Computational Design of Dual Cation Ammine Metal Borohydrides: LiTi(BH₄)₅(NH₃)_X

Global energy need is mostly fulfilled via fossil fuels. Usage of these sources causes harmful consequences to both environment and human beings. Besides, they have limited reserves and therefore alternative fuels must be discovered. Hydrogen is one of these alternatives due to its high energy content and environmentally friendly nature. However, there are many challenging problems waiting to be addressed for its widespread use. One of them is hydrogen storage which is especially very important for on-board applications. Even hydrogen can be stored as in the form of gas or liquid, these mediums are not practical in everyday use. As an alternative, hydrogen can also be stored in the solid form. For this purpose, both metal borohydrides and ammines are proposed due to their high gravimetric and volumetric densities.
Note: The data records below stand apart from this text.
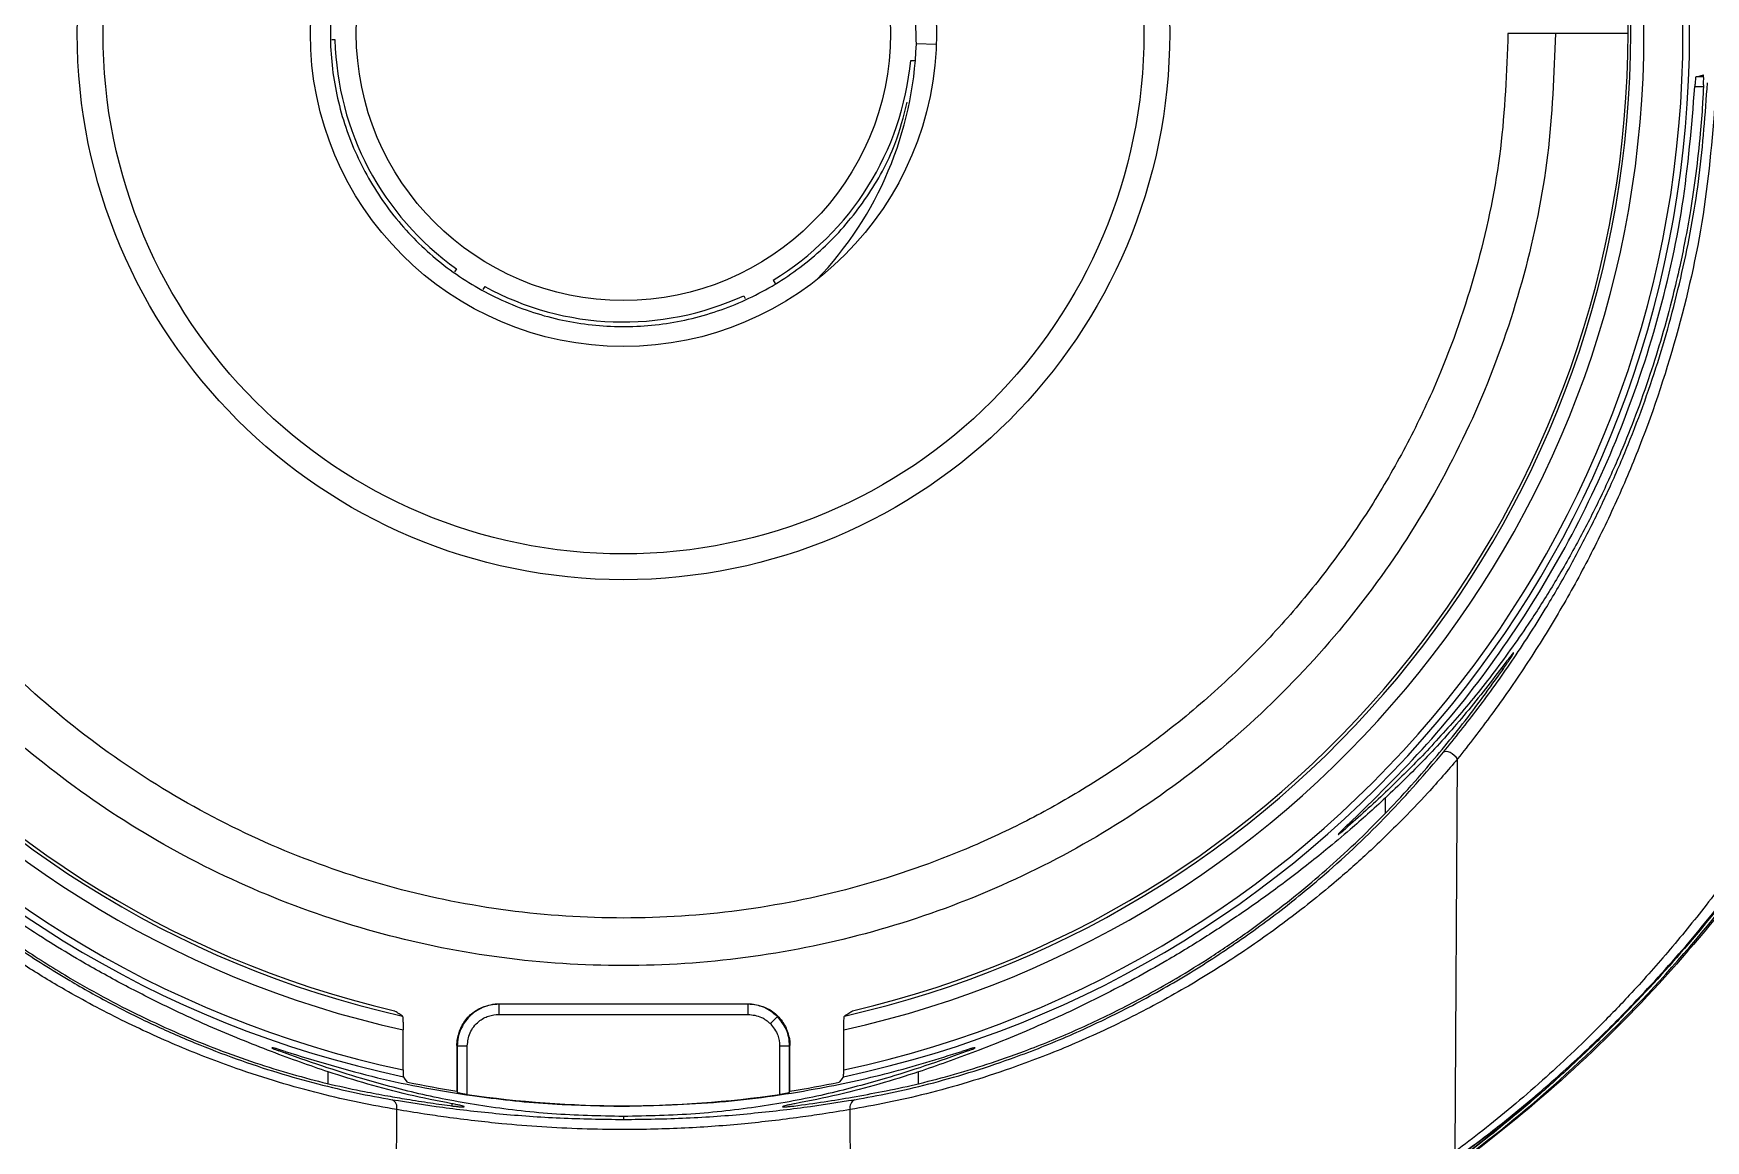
# Model space of a CAD drawing. Extents: x -50 to 17, y -20 to 123.
# Drawn here: x -42.06 to -37.04, y 33.48 to 36.8 of the extents above; entities that cross this region are included whole.
import ezdxf

# ---------------------------------------------------------------- set-up
doc = ezdxf.new("R2010")
doc.units = 0
doc.header["$MEASUREMENT"] = 0
doc.layers.add('GEOMETRY', color=2, linetype='Continuous', lineweight=25)

# ---------------------------------------------------------------- blocks, each defined once
blk = doc.blocks.new('2026 FREEFLOW AZURE')
at = {"layer": 'GEOMETRY'}
for p, q in [((-24.7051, -40.3489), (-24.7146, -40.3485)), ((-22.8998, -40.3632), (-22.9597, -40.3611)), ((-20.8254, -40.3297), (-21.0407, -40.3297)), ((-22.9767, -40.4105), (-22.9627, -40.411)), ((-20.5972, -40.4598), (-20.6195, -40.4598)), ((-20.6224, -40.4894), (-20.5966, -40.4894)), ((-24.3403, -41.0362), (-24.3461, -41.0454)), ((-24.2556, -41.0893), (-24.2611, -41.0982)), ((-23.3896, -41.0701), (-23.384, -41.0806)), ((-23.4779, -41.117), (-23.4733, -41.1257)), ((-21.2016, -42.2332), (-21.2014, -42.243)), ((-21.3416, -43.6862), (-21.3349, -42.5079)), ((-21.5512, -42.6701), (-21.5515, -42.6249)), ((-24.2131, -43.2444), (-24.2141, -43.2431)), ((-24.2141, -43.2431), (-23.4642, -43.2431)), ((-24.2131, -43.2444), (-24.2131, -43.2745)), ((-23.4652, -43.2444), (-24.2131, -43.2444)), ((-24.2131, -43.2745), (-23.4652, -43.2745)), ((-23.4642, -43.2431), (-23.4652, -43.2444)), ((-23.4652, -43.2444), (-23.4652, -43.2745)), ((-24.5006, -43.4409), (-24.5006, -43.3212)), ((-23.1777, -43.4409), (-23.1777, -43.3212)), ((-24.3391, -43.3681), (-24.3381, -43.3694)), ((-24.3391, -43.3681), (-24.3391, -43.505)), ((-24.3381, -43.3694), (-24.3381, -43.5084)), ((-24.3081, -43.5147), (-24.3081, -43.3695)), ((-23.3702, -43.3695), (-23.3702, -43.5147)), ((-23.3402, -43.3694), (-23.3392, -43.3681)), ((-23.3402, -43.5084), (-23.3402, -43.3694)), ((-23.3392, -43.505), (-23.3392, -43.3681)), ((-24.7253, -43.4824), (-24.7255, -43.4472)), ((-22.953, -43.4824), (-22.9528, -43.4472)), ((-24.5248, -44.4427), (-24.5197, -43.5603)), ((-24.3541, -43.5429), (-24.3539, -43.5509)), ((-23.8392, -43.549), (-23.8392, -43.5503)), ((-23.1535, -44.4427), (-23.1586, -43.5603)), ((-23.8392, -43.5812), (-23.8392, -43.5901))]:
    blk.add_line(p, q, dxfattribs=at)
at = {"layer": 'GEOMETRY', "flags": 128}
for points in [[(-20.6195, -40.4598), (-20.6067, -40.4566), (-20.5967, -40.4542)], [(-21.3349, -42.5079), (-21.3393, -42.5023), (-21.3448, -42.4971), (-21.3509, -42.4925), (-21.3573, -42.4889), (-21.3635, -42.4865), (-21.3691, -42.4855), (-21.3738, -42.486), (-21.3772, -42.4879)], [(-24.4871, -43.4781), (-24.4941, -43.4689), (-24.4996, -43.4616)], [(-23.1787, -43.4616), (-23.1857, -43.4709), (-23.1913, -43.4781)], [(-24.3391, -43.505), (-24.3385, -43.5069), (-24.3381, -43.5084)], [(-23.3402, -43.5084), (-23.3397, -43.5065), (-23.3392, -43.505)]]:
    blk.add_lwpolyline(points, dxfattribs=at)
at = {"layer": 'GEOMETRY'}
for radius in [1.64, 1.5625, 0.94, 0.802]:
    blk.add_circle((-23.8392, -40.3297), radius, dxfattribs=at)
for centre, radius, start, end in [((-23.8392, -40.3296), 3.201, 101.9069, 258.093), ((-23.8391, -40.3296), 3.201, 281.9069, 78.093), ((-23.8392, -40.3295), 3.181, 102.0011, 257.9989), ((-23.8391, -40.3295), 3.181, 282.0011, 77.9989), ((-23.8392, -40.3295), 3.064, 102.4665, 257.5334), ((-23.8391, -40.3295), 3.064, 282.4665, 77.5334), ((-23.8392, -40.3293), 3.024, 102.6741, 257.3258), ((-23.8392, -40.3273), 3.016, 103.1791, 256.8208), ((-23.8391, -40.3293), 3.024, 282.6741, 77.3258), ((-23.8391, -40.3273), 3.016, 283.1791, 76.8208), ((-23.8392, -40.3297), 0.8662, 181.2664, 234.6481), ((-24.039, -40.3226), 1.08, 316.3076, 357.9573), ((-23.8392, -40.3297), 0.8662, 301.2664, 354.6481), ((-23.8392, -40.3297), 0.8662, 241.2664, 294.6481), ((-25.2319, -41.4582), 2.6008, 314.8403, 315.503), ((-24.3154, -41.5798), 1.7897, 269.2741, 270.2345), ((-23.3629, -41.5798), 1.7897, 269.7655, 270.7258), ((-23.8392, -40.3305), 3.2136, 258.3687, 261.0503), ((-23.8392, -40.3309), 3.2181, 261.6208, 270), ((-23.8392, -40.3309), 3.2181, 270, 278.3791), ((-23.8392, -40.3305), 3.2136, 278.9497, 281.6313), ((-24.5454, -43.5541), 0.0264, 346.4623, 62.4183), ((-23.1329, -43.5541), 0.0264, 117.5816, 193.5377)]:
    blk.add_arc(centre, radius, start, end, dxfattribs=at)
for points, knots in [([(0, -78.9807), (-0.2, -78.9806), (-1.2, -78.9802), (-3.8001, -78.9706), (-7.8002, -78.9311), (-12.2829, -78.85), (-16.448, -78.7432), (-20.2955, -78.617), (-23.1801, -78.4946), (-25.1028, -78.4087), (-25.9062, -78.3706), (-26.5502, -78.3109), (-27.0326, -78.2324), (-27.5088, -78.1229), (-28.0194, -77.9636), (-28.5584, -77.7443), (-29.1196, -77.4599), (-29.6551, -77.1295), (-30.1606, -76.7561), (-30.6321, -76.3407), (-31.0676, -75.8869), (-31.4641, -75.3985), (-31.7943, -74.9136), (-32.0654, -74.4413), (-32.2868, -73.9889), (-32.4781, -73.5224), (-32.6376, -73.0447), (-32.772, -72.5285), (-32.8702, -71.9733), (-32.9456, -71.1863), (-33.0009, -70.2008), (-33.0534, -69.0184), (-33.0915, -67.8353), (-33.171, -65.4701), (-33.2841, -61.9227), (-33.3842, -57.1916), (-33.4538, -52.46), (-33.4941, -47.728), (-33.5123, -42.9959), (-33.5152, -37.7511), (-33.5017, -31.9936), (-33.4541, -26.4051), (-33.3783, -21.4986), (-33.2967, -17.7475), (-33.2045, -14.4704), (-33.1115, -11.6671), (-33.0234, -9.6084), (-32.9688, -8.2933), (-32.9388, -7.7222), (-32.8886, -7.1485), (-32.7978, -6.5752), (-32.66, -6.0074), (-32.4856, -5.4765), (-32.2819, -4.9834), (-32.0573, -4.5269), (-31.8027, -4.0858), (-31.5196, -3.6631), (-31.2086, -3.2613), (-30.87, -2.8823), (-30.5058, -2.5264), (-30.118, -2.1956), (-29.7093, -1.8918), (-29.2828, -1.6181), (-28.8398, -1.3749), (-28.3823, -1.1622), (-27.9107, -0.9813), (-27.4282, -0.8346), (-26.908, -0.7182), (-26.3509, -0.642), (-25.7605, -0.5973), (-25.1687, -0.5733), (-23.2063, -0.4943), (-19.8745, -0.3423), (-15.9539, -0.2243), (-12.033, -0.1268), (-8.1115, -0.0549), (-3.8389, -0.0078), (-1.135, -0.0023), (0, 0)], [0, 0, 0, 0, 0.0043698, 0.0218491, 0.056809, 0.091769, 0.1198046, 0.1478403, 0.1758752, 0.1828844, 0.189893, 0.1934458, 0.1970065, 0.2005644, 0.2041136, 0.2086796, 0.2132619, 0.2178446, 0.222411, 0.2269761, 0.2315574, 0.2361388, 0.2407038, 0.2443597, 0.2480279, 0.2517, 0.2553674, 0.2590225, 0.2633453, 0.2676701, 0.2762888, 0.2849086, 0.2935298, 0.3021503, 0.3366129, 0.3710757, 0.4055387, 0.4400022, 0.4744661, 0.5089296, 0.5545948, 0.6002598, 0.6310333, 0.6618067, 0.6822341, 0.7026616, 0.7230888, 0.7272545, 0.73142, 0.7355829, 0.7398316, 0.7440869, 0.7483354, 0.7520285, 0.7557342, 0.7594436, 0.7631483, 0.7668405, 0.7705359, 0.7742442, 0.7779569, 0.7816651, 0.7853605, 0.7890218, 0.7926972, 0.7963758, 0.800048, 0.8037066, 0.8080106, 0.8123205, 0.8166378, 0.8209518, 0.8552299, 0.8895082, 0.9066462, 0.9409236, 0.9752009, 1, 1, 1, 1]), ([(0, -78.7726), (-1.424, -78.769), (-4.2759, -78.762), (-8.5576, -78.7097), (-12.8432, -78.6294), (-17.295, -78.5116), (-21.0157, -78.3798), (-23.4132, -78.2765), (-24.3106, -78.2354), (-24.6052, -78.2217), (-24.9025, -78.2077), (-25.2182, -78.1926), (-25.619, -78.1726), (-26.0846, -78.1465), (-26.6157, -78.0981), (-27.1381, -78.0038), (-27.6568, -77.8657), (-28.1617, -77.6853), (-28.6498, -77.4682), (-29.121, -77.2173), (-29.5724, -76.9317), (-30.0027, -76.6129), (-30.4084, -76.2631), (-30.7873, -75.8843), (-31.1373, -75.4786), (-31.4564, -75.0481), (-31.7432, -74.5948), (-31.9949, -74.1217), (-32.2158, -73.6246), (-32.4034, -73.1052), (-32.5509, -72.5636), (-32.6557, -72.0114), (-32.7135, -71.457), (-32.748, -70.899), (-32.7793, -70.2344), (-32.8133, -69.462), (-32.8498, -68.5875), (-32.9034, -67.2216), (-32.9688, -65.3629), (-33.0581, -62.4001), (-33.1438, -58.8258), (-33.2141, -54.7839), (-33.2608, -50.8844), (-33.289, -47.1273), (-33.303, -43.3671), (-33.3064, -39.2589), (-33.3023, -34.8112), (-33.2789, -30.0251), (-33.2303, -25.2473), (-33.1548, -20.6608), (-33.0516, -16.2679), (-32.9546, -13.1601), (-32.8794, -11.1464), (-32.8429, -10.2227), (-32.803, -9.2862), (-32.7689, -8.4977), (-32.7349, -7.8595), (-32.7014, -7.3806), (-32.6431, -6.9014), (-32.5507, -6.4237), (-32.4255, -5.9535), (-32.2626, -5.477), (-32.0603, -4.9973), (-31.8179, -4.5173), (-31.5404, -4.0579), (-31.2302, -3.6207), (-30.8885, -3.2077), (-30.5176, -2.8211), (-30.1192, -2.463), (-29.6954, -2.1351), (-29.2484, -1.8393), (-28.7809, -1.5777), (-28.2957, -1.351), (-27.7877, -1.1569), (-27.2564, -1.0037), (-26.7105, -0.8956), (-26.1548, -0.838), (-25.5911, -0.8063), (-25.0233, -0.7786), (-24.2111, -0.7404), (-23.1541, -0.6928), (-20.7157, -0.5902), (-17.2809, -0.4688), (-12.852, -0.3514), (-8.5617, -0.271), (-4.2771, -0.2187), (-1.4242, -0.2116), (0, -0.2081)], [0, 0, 0, 0, 0.0312612, 0.0626079, 0.0940026, 0.1253571, 0.1603734, 0.175733, 0.1780362, 0.1800961, 0.182206, 0.1845704, 0.1870343, 0.1910167, 0.194808, 0.198734, 0.202655, 0.2065789, 0.2104903, 0.2143719, 0.2182889, 0.2222045, 0.2261203, 0.2300375, 0.2339549, 0.2378723, 0.2417901, 0.2457194, 0.2496274, 0.2537222, 0.2578306, 0.2619383, 0.2660447, 0.2700593, 0.2742093, 0.2806511, 0.2870319, 0.2934253, 0.3106591, 0.3278617, 0.3584975, 0.3891462, 0.4166064, 0.44411, 0.4716281, 0.4991549, 0.5342961, 0.5692692, 0.6042247, 0.639188, 0.669971, 0.7006873, 0.7074453, 0.7142101, 0.7209811, 0.7280224, 0.7315366, 0.7350115, 0.7385579, 0.7421283, 0.7456836, 0.7492314, 0.7531737, 0.7571044, 0.7610247, 0.7649455, 0.7688635, 0.7727804, 0.7766967, 0.7806133, 0.7845309, 0.7884546, 0.7923614, 0.796278, 0.8003826, 0.8044848, 0.8084773, 0.8126362, 0.8168791, 0.8209563, 0.8304858, 0.8401077, 0.8745332, 0.9059355, 0.9373691, 0.9687354, 1, 1, 1, 1]), ([(0, -78.5134), (-1.424, -78.5098), (-4.2756, -78.5028), (-8.5562, -78.4505), (-12.8399, -78.3702), (-16.052, -78.2851), (-18.1908, -78.2173), (-19.2584, -78.1811), (-20.3254, -78.1425), (-21.3916, -78.1015), (-22.4567, -78.058), (-23.5117, -78.0126), (-24.5581, -77.9645), (-25.4274, -77.9239), (-26.12, -77.8847), (-26.6364, -77.8331), (-27.1406, -77.7371), (-27.6375, -77.5996), (-28.122, -77.4213), (-28.5918, -77.2077), (-29.0455, -76.9607), (-29.4792, -76.6808), (-29.8916, -76.3692), (-30.2799, -76.028), (-30.6419, -75.659), (-30.976, -75.2646), (-31.2799, -74.8462), (-31.5521, -74.406), (-31.7916, -73.9467), (-32.0003, -73.4642), (-32.1768, -72.9605), (-32.3135, -72.4362), (-32.4093, -71.9018), (-32.4609, -71.3556), (-32.4935, -70.8015), (-32.5161, -70.3089), (-32.5345, -69.8978), (-32.5493, -69.5599), (-32.564, -69.217), (-32.5791, -68.8544), (-32.5944, -68.4808), (-32.6092, -68.1063), (-32.6492, -67.0731), (-32.7089, -65.3806), (-32.7984, -62.4159), (-32.8843, -58.8381), (-32.962, -54.3773), (-33.0148, -49.643), (-33.0421, -44.6345), (-33.0473, -40.0288), (-33.0442, -35.8268), (-33.0308, -32.0202), (-33.0028, -28.2033), (-32.9573, -24.379), (-32.8978, -20.8952), (-32.8278, -17.7523), (-32.7518, -14.9518), (-32.6827, -12.8379), (-32.63, -11.4088), (-32.601, -10.6621), (-32.5707, -9.9165), (-32.5377, -9.154), (-32.5083, -8.4809), (-32.4777, -7.8989), (-32.4451, -7.4273), (-32.39, -6.961), (-32.302, -6.5), (-32.1826, -6.0461), (-32.0266, -5.5864), (-31.8331, -5.1237), (-31.6007, -4.6612), (-31.335, -4.2178), (-31.0372, -3.7954), (-30.7088, -3.3961), (-30.352, -3.022), (-29.9686, -2.6751), (-29.5605, -2.3578), (-29.1302, -2.0711), (-28.6793, -1.8171), (-28.2111, -1.597), (-27.7216, -1.4085), (-27.2114, -1.2598), (-26.6848, -1.1542), (-26.1425, -1.0969), (-25.5885, -1.0658), (-25.0275, -1.0383), (-24.2175, -1.0002), (-23.1571, -0.9523), (-21.4985, -0.8826), (-19.4927, -0.8063), (-16.4967, -0.7073), (-12.8515, -0.6107), (-8.5617, -0.5302), (-4.2772, -0.4779), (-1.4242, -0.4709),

Metal borohydrides have some severe drawbacks e.g., requirement of a very high temperature for the hydrogen decomposition. Therefore, they can be mixed with ammines to produce new materials with a better thermodynamics. Dual-cation ammine metal borohydrides (AMBs) just suit well for this purpose. In this study, we computationally designed new AMBs in the form of LiTi(BH₄)₅(NH₃)_x x = 2, 3, 4 using a strategy which combines crystal structure prediction with density functional theory computations.